Tom Dooley en boîte, Ted Post reprend les chemins de la télévision pour une pléthore de série TV. C’est Clint Eastwood qui fera appel à lui pour Pendez-les haut et court. Les deux hommes se connaissaient bien et s’apprécient. Post l’avait dirigé à plusieurs reprises dans la série Rawhide. Ils feront de nouveau équipe pour le second volet des aventures de l’inspecteur Harry Callahan Magnum Force en 1973. Entre ses deux productions de Malpaso (la société de production de Clint Eastwood), Post aura dirigé Le secret de la planète des singes (Beneath the Planet of the Apes, 1970) second volet de La Planète des singes, série B fort plaisante avec James Franciscus et une apparition de Charlton Heston et Linda Harrison. Un film sur la libération sexuelle vu des campus The Harrad Experiment (1973) et un film d’horreur devenu culte The Baby (1973), deux films inédits en France. Il retourne un temps à la télévision où il réalise entre autres plusieurs épisodes de Colombo avec Peter Falk avant de signer son chef-d’œuvre pour le grand écran Le Merdier (Go Tell The Spartans, 1978) avec Burt Lancaster. Ce film méconnu reste l’un des meilleurs sur la guerre du Vietnam.

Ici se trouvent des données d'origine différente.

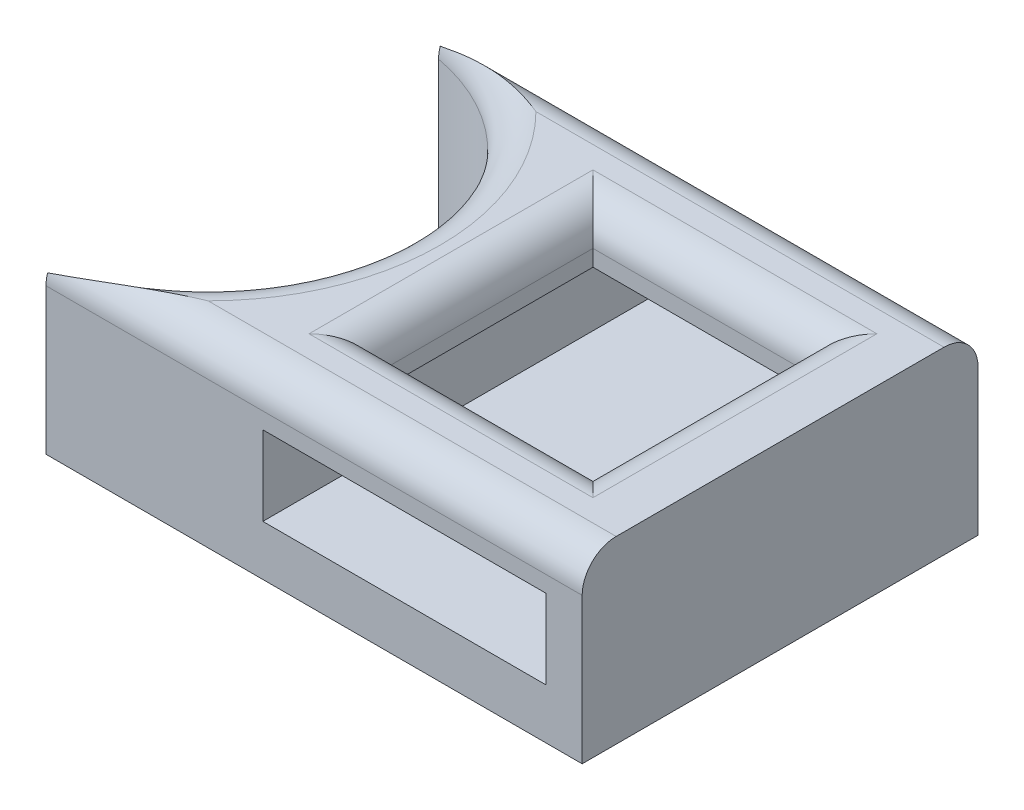
from build123d import *

# Parameters (mm, degrees)
BOSS_EXTRUDE1_DEPTH = 15.875
SKETCH5_W           = 3.175
SKETCH5_H           = 15.875
CUT_EXTRUDE1_DEPTH  = 3.175
SKETCH6_W           = 3.175
SKETCH6_H           = 15.875
CUT_EXTRUDE2_DEPTH  = 3.175
SKETCH7_W           = 19.05
SKETCH7_H           = 19.05
CUT_EXTRUDE4_DEPTH  = 10
SKETCH8_W           = 25
SKETCH8_H           = 7
CUT_EXTRUDE5_DEPTH  = 63.813266363
FILLET3_R           = 3
SKETCH2_W           = 25.4
SKETCH2_H           = 3.175
CUT_EXTRUDE6_DEPTH  = 4.175
SKETCH3_W           = 25.4
SKETCH3_H           = 3.175
CUT_EXTRUDE7_DEPTH  = 4.175
FILLET4_R           = 3


with BuildPart() as part:
    # Sketch1 → Boss-Extrude1 (new body)
    with BuildSketch(Plane(origin=(0, 0, 0), x_dir=(1, 0, 0), z_dir=(0, 1, 0))):
        with BuildLine():
            Line((-52.911658323, 34.190937018), (-2.431658323, 34.190937018))
            Line((-2.431658323, 34.190937018), (-2.431658323, -0.734062982))
            Line((-2.431658323, -0.734062982), (-52.911658323, -0.734062982))
            ThreePointArc((-52.911658323, -0.734062982), (-35.449158323, 16.728437018), (-52.911658323, 34.190937018))
        make_face()
    extrude(amount=BOSS_EXTRUDE1_DEPTH)

    # Sketch5 → Cut-Extrude1 (cut)
    with BuildSketch(Plane(origin=(0, 0, -34.190937018), x_dir=(-1, 0, 0), z_dir=(0, 0, -1))):
        with Locations((51.324158323, 7.9375)):
            Rectangle(SKETCH5_W, SKETCH5_H)
    extrude(amount=-CUT_EXTRUDE1_DEPTH, mode=Mode.SUBTRACT)

    # Sketch6 → Cut-Extrude2 (cut)
    with BuildSketch(Plane.XY.offset(0.734062982)):
        with Locations((-51.324158323, 7.9375)):
            Rectangle(SKETCH6_W, SKETCH6_H)
    extrude(amount=-CUT_EXTRUDE2_DEPTH, mode=Mode.SUBTRACT)

    # Sketch7 → Cut-Extrude4 (cut)
    with BuildSketch(Plane(origin=(0, 15.875, 0), x_dir=(1, 0, 0), z_dir=(0, 1, 0))):
        with Locations((-18.940408323, 16.728437018)):
            Rectangle(SKETCH7_W, SKETCH7_H)
    extrude(amount=-CUT_EXTRUDE4_DEPTH, mode=Mode.SUBTRACT)

    # Sketch8 → Cut-Extrude5 (cut, through all)
    with BuildSketch(Plane(origin=(0, 0, -34.190937018), x_dir=(-1, 0, 0), z_dir=(0, 0, -1))):
        with Locations((18.106658323, 7.9375)):
            Rectangle(SKETCH8_W, SKETCH8_H)
    extrude(amount=-CUT_EXTRUDE5_DEPTH, mode=Mode.SUBTRACT)

    # Fillet3
    # the kernel refuses this fillet: 3 mm, written as the material it takes off along each edge
    with BuildSketch(Plane(origin=(-57.236658323, 15.875, -34.190937018), x_dir=(0, 0, 1), z_dir=(1, 0, 0)), Plane(origin=(5.068341677, 15.875, 0.734062982), x_dir=(0, 0, -1), z_dir=(-1, 0, 0))) as fillet3_piece_1:
        with BuildLine():
            CenterArc((FILLET3_R, FILLET3_R), FILLET3_R, 180, 90)
            Line((0, FILLET3_R), (0, 0))
            Line((0, 0), (FILLET3_R, 0))
        make_face()
    extrude(amount=62.305, mode=Mode.SUBTRACT)
    with BuildSketch(Plane(origin=(-52.911658323, 15.875, -16.728437018), x_dir=(-0.24468593558499258, 0, 0.969602389088897), z_dir=(-0.969602389088897, 0, -0.24468593558499258))) as fillet3_piece_2:
        with BuildLine():
            CenterArc((17.4625 + FILLET3_R, -FILLET3_R), FILLET3_R, 90, 90)
            Line((17.4625 + FILLET3_R, 0), (17.4625, 0))
            Line((17.4625, 0), (17.4625, -FILLET3_R))
        make_face()
    revolve(axis=Axis((-52.911658323, 15.875, -16.728437018), (0, 1, 0)), revolution_arc=208.326548528, mode=Mode.SUBTRACT)

    # Sketch2 → Cut-Extrude6 (cut)
    with BuildSketch(Plane(origin=(0, 0, 0), x_dir=(-1, 0, 0), z_dir=(0, -1, 0))):
        with Locations((18.306658323, 26.253437018)):
            Rectangle(SKETCH2_W, SKETCH2_H)
    extrude(amount=-CUT_EXTRUDE6_DEPTH, mode=Mode.SUBTRACT)

    # Sketch3 → Cut-Extrude7 (cut)
    with BuildSketch(Plane(origin=(0, 0, 0), x_dir=(-1, 0, 0), z_dir=(0, -1, 0))):
        with Locations((18.306658323, 7.203437018)):
            Rectangle(SKETCH3_W, SKETCH3_H)
    extrude(amount=-CUT_EXTRUDE7_DEPTH, mode=Mode.SUBTRACT)

    # Fillet4
    fillet4_edges = [part.edges().sort_by_distance(p)[0] for p in [
        (-9.415408323, 15.875, -16.728437018),
        (-18.940408323, 15.875, -26.253437018),
        (-28.465408323, 15.875, -16.728437018),
        (-18.940408323, 15.875, -7.203437018),
    ]]
    fillet(fillet4_edges, radius=FILLET4_R)


solid = part.part

Tom Dooley est incarné par un jeune acteur Michael Landon qui accédera à la célébrité dans le rôle de Charles Ingalls, le père de famille de La petite maison dans la prairie (1974-1983). Son jeu est assez neutre et c’est sans problème que Richard Rust, dans le rôle de Country Boy, lui ravit la vedette. Chacune des apparitions, Rust apporte un peu de décalage et de folie dans la scène. A signaler enfin une séquence de bagarre entre Dooley et Grayson dans les ruines calcinées d’une maison d’une grande efficacité. Allez fait ta prière et verse une larme amis DVDphiles…
Fernand Garcia
Fais ta prière Tom Dooley est édité pour la première fois en DVD en version intégrale dans une édition spéciale sous fourreau dans la Western de Légende de Sidonis/Calysta avec en supplément une présentation par Bertrand Tavernier (19 mn) qui revient longuement sur la carrière de Ted Post, et une autre par Patrick Brion qui replace le film dans l’histoire du western et dans l’année de sa sortie en salles 1959 (14 mn). Une section sympathique regroupe plusieurs versions de la chanson Tom Dooley, celle du film par The Kingston Trio, l’adaptation française des Compagnons de la Chanson, mais aussi d’autres formidables par Neil Young, Frank Proffitt et la dernière par Johnny Rivers, enfin une galerie de photos et d’affiches complète l’ensemble.
Fais ta prière Tom Dooley (The Legend of Tom Dooley) un film de Ted Post avec Michael Landon, Jo Morrow, Jack Hogan, Richard Rust, Dee Pollock, Ken Lynch, Howard Wright, Ralph Moody, John Cliff… Scénario : Stan Shpetner. Directeur de la photographie : Gilbert Warrenton. Décors : Don Ament. Montage : Robert S. Eisen. Musique : Ronald Stein. Producteur : Stan Shpetner. Production : Shpetner Production – Columbia Pictures. Etats-Unis. 1959. 79 mn. Noir et blanc. Format image : 1.37 : 1. Image et son restaurés, version VOST et VF. Tous Publics.